Omit every picture and output the rest of the records exactly as they are.

Extracted entries below:

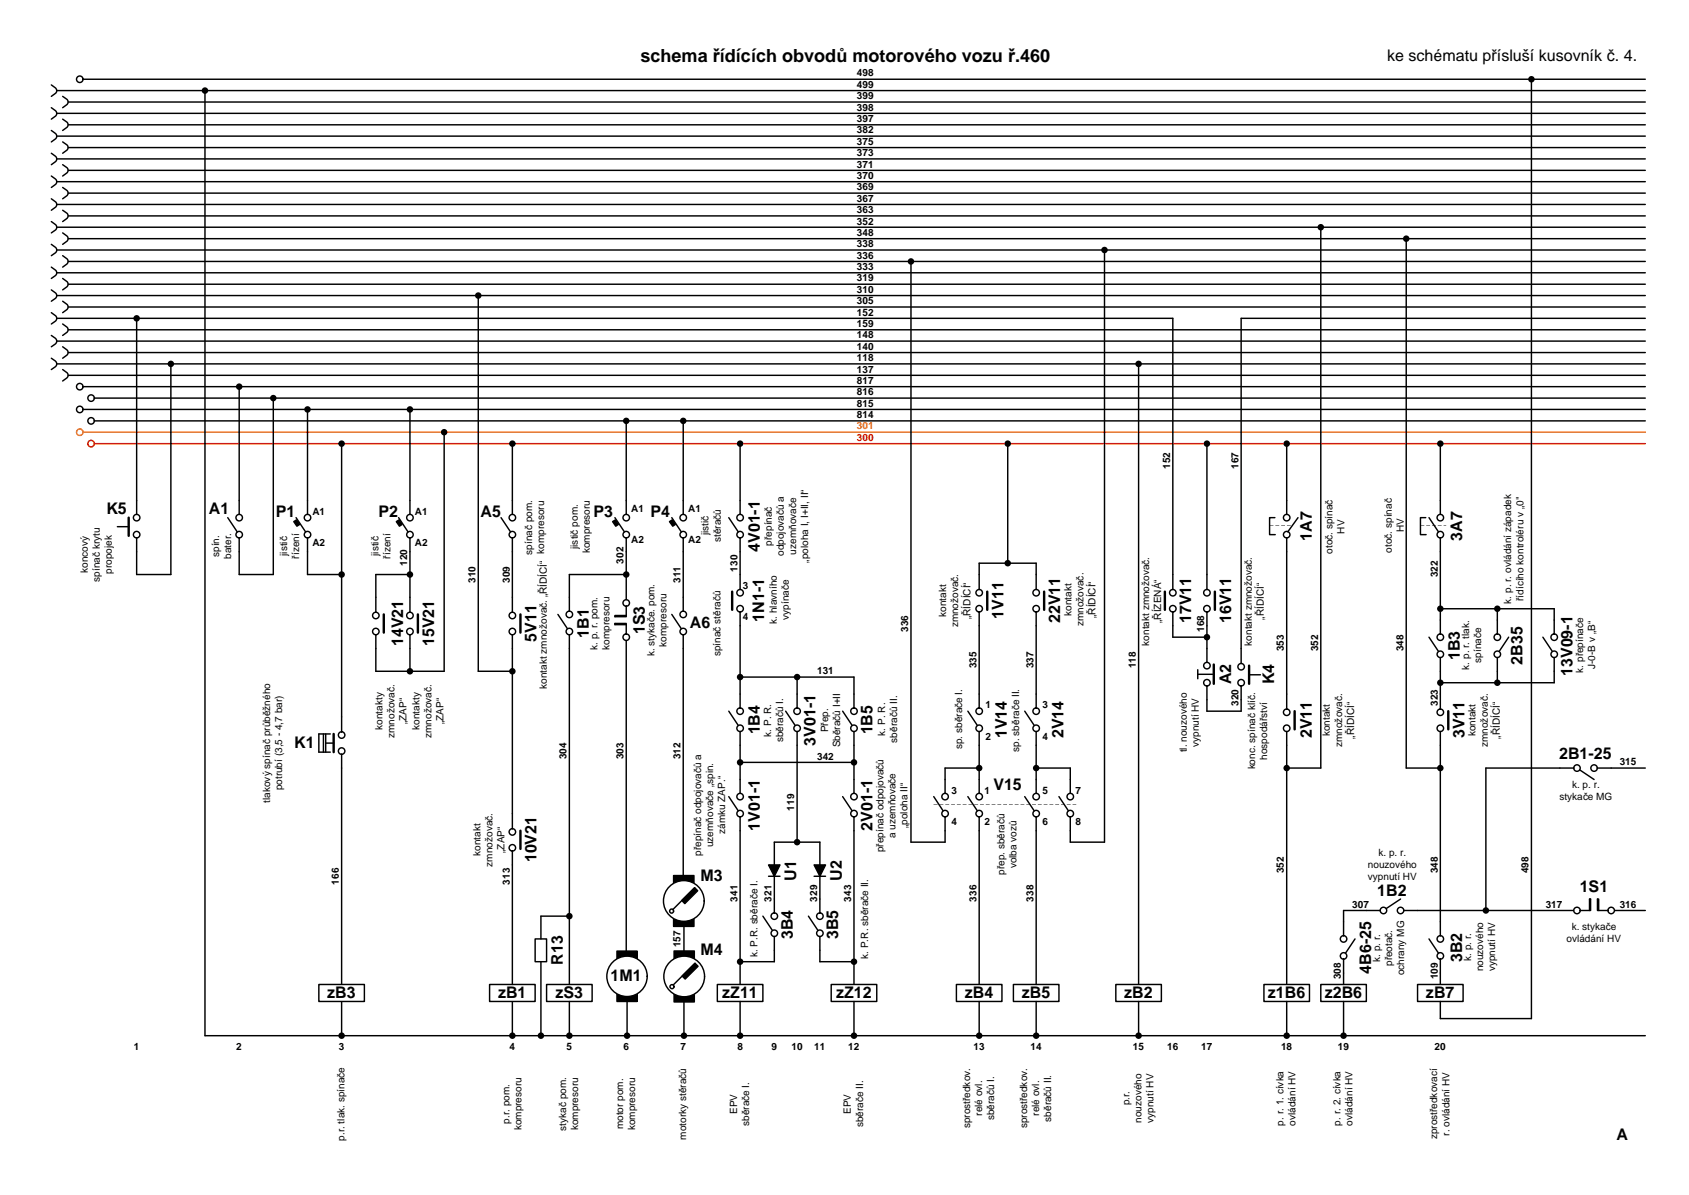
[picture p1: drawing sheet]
<svg xmlns="http://www.w3.org/2000/svg" width="297mm" height="210mm" viewBox="0 0 297 210" stroke-linecap="round" stroke-linejoin="round" font-family="sans-serif">
<g fill="none" stroke="#000" stroke-width=".25">
<path d="M9 14.9l.8 .7a.59 .59 0 0 1-.1 .8l-.7 .5M9 18.9l.8 .7a.61 .61 0 0 1-.1 .8l-.7 .5M10 15.9h279M10 19.9h279M11 16.9l.9 .7a.61 .61 0 0 1-.2 .8l-.7 .5M12 17.9h277M14.6 13.9h274.4M36 15.9v166h253M9 22.9l.8 .7a.61 .61 0 0 1-.1 .8l-.7 .5M9 26.9l.8 .7a.61 .61 0 0 1-.1 .8l-.7 .5M9 30.9l.8 .7a.61 .61 0 0 1-.1 .8l-.7 .5M9 34.9l.8 .7a.61 .61 0 0 1-.1 .8l-.7 .5"/>
<path d="M9 38.9l.8 .7a.61 .61 0 0 1-.1 .8l-.7 .5M10 23.9h279M10 27.9h279M10 31.9h279M10 35.9h279M10 39.9h279M11 20.9l.9 .7a.61 .61 0 0 1-.2 .8l-.7 .5M11 24.9l.9 .7a.61 .61 0 0 1-.2 .8l-.7 .5M11 28.9l.9 .7a.61 .61 0 0 1-.2 .8l-.7 .5M11 32.9l.9 .7a.61 .61 0 0 1-.2 .8l-.7 .5M11 36.9l.9 .7a.61 .61 0 0 1-.2 .8l-.7 .5M12 21.9h277"/>
<path d="M12 25.9h277M12 29.9h277M12 33.9h277M12 37.9h277M9 42.9l.8 .7a.61 .61 0 0 1-.1 .8l-.7 .5M9 46.9l.8 .7a.61 .61 0 0 1-.1 .8l-.7 .5M9 50.9l.8 .7a.61 .61 0 0 1-.1 .8l-.7 .5M9 54.9l.8 .7a.61 .61 0 0 1-.1 .8l-.7 .5M9 58.9l.8 .7a.61 .61 0 0 1-.1 .8l-.7 .5M10 43.9h279M10 47.9h279M10 51.9h279"/>
<path d="M10 55.9h196M10 59.9h279M11 40.9l.9 .7a.61 .61 0 0 1-.2 .8l-.7 .5M11 44.9l.9 .7a.61 .61 0 0 1-.2 .8l-.7 .5M11 48.9l.9 .7a.61 .61 0 0 1-.2 .8l-.7 .5M11 52.9l.9 .7a.61 .61 0 0 1-.2 .8l-.7 .5M11 56.9l.9 .7a.61 .61 0 0 1-.2 .8l-.7 .5M12 41.9h277M12 45.9h277M12 49.9h277M12 53.9h277M12 57.9h277"/>
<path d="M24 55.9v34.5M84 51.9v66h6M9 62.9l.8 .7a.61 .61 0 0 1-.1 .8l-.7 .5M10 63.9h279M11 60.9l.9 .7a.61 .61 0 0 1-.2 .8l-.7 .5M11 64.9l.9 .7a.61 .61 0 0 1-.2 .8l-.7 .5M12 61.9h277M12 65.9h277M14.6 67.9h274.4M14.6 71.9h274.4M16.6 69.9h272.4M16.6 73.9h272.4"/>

End of Extracted entries.

## Solution for this problem
[picture p1: drawing sheet]
<svg xmlns="http://www.w3.org/2000/svg" width="297mm" height="210mm" viewBox="0 0 297 210" stroke-linecap="round" stroke-linejoin="round" font-family="sans-serif">
<g fill="none" stroke="#000" stroke-width=".25">
<path d="M9 14.9l.8 .7a.59 .59 0 0 1-.1 .8l-.7 .5M9 18.9l.8 .7a.61 .61 0 0 1-.1 .8l-.7 .5M10 15.9h279M10 19.9h279M11 16.9l.9 .7a.61 .61 0 0 1-.2 .8l-.7 .5M12 17.9h277M14.6 13.9h274.4M36 15.9v166h253M9 22.9l.8 .7a.61 .61 0 0 1-.1 .8l-.7 .5M9 26.9l.8 .7a.61 .61 0 0 1-.1 .8l-.7 .5M9 30.9l.8 .7a.61 .61 0 0 1-.1 .8l-.7 .5M9 34.9l.8 .7a.61 .61 0 0 1-.1 .8l-.7 .5"/>
<path d="M9 38.9l.8 .7a.61 .61 0 0 1-.1 .8l-.7 .5M10 23.9h279M10 27.9h279M10 31.9h279M10 35.9h279M10 39.9h279M11 20.9l.9 .7a.61 .61 0 0 1-.2 .8l-.7 .5M11 24.9l.9 .7a.61 .61 0 0 1-.2 .8l-.7 .5M11 28.9l.9 .7a.61 .61 0 0 1-.2 .8l-.7 .5M11 32.9l.9 .7a.61 .61 0 0 1-.2 .8l-.7 .5M11 36.9l.9 .7a.61 .61 0 0 1-.2 .8l-.7 .5M12 21.9h277"/>
<path d="M12 25.9h277M12 29.9h277M12 33.9h277M12 37.9h277M9 42.9l.8 .7a.61 .61 0 0 1-.1 .8l-.7 .5M9 46.9l.8 .7a.61 .61 0 0 1-.1 .8l-.7 .5M9 50.9l.8 .7a.61 .61 0 0 1-.1 .8l-.7 .5M9 54.9l.8 .7a.61 .61 0 0 1-.1 .8l-.7 .5M9 58.9l.8 .7a.61 .61 0 0 1-.1 .8l-.7 .5M10 43.9h279M10 47.9h279M10 51.9h279"/>
<path d="M10 55.9h196M10 59.9h279M11 40.9l.9 .7a.61 .61 0 0 1-.2 .8l-.7 .5M11 44.9l.9 .7a.61 .61 0 0 1-.2 .8l-.7 .5M11 48.9l.9 .7a.61 .61 0 0 1-.2 .8l-.7 .5M11 52.9l.9 .7a.61 .61 0 0 1-.2 .8l-.7 .5M11 56.9l.9 .7a.61 .61 0 0 1-.2 .8l-.7 .5M12 41.9h277M12 45.9h277M12 49.9h277M12 53.9h277M12 57.9h277"/>
<path d="M24 55.9v34.5M84 51.9v66h6M9 62.9l.8 .7a.61 .61 0 0 1-.1 .8l-.7 .5M10 63.9h279M11 60.9l.9 .7a.61 .61 0 0 1-.2 .8l-.7 .5M11 64.9l.9 .7a.61 .61 0 0 1-.2 .8l-.7 .5M12 61.9h277M12 65.9h277M14.6 67.9h274.4M14.6 71.9h274.4M16.6 69.9h272.4M16.6 73.9h272.4"/>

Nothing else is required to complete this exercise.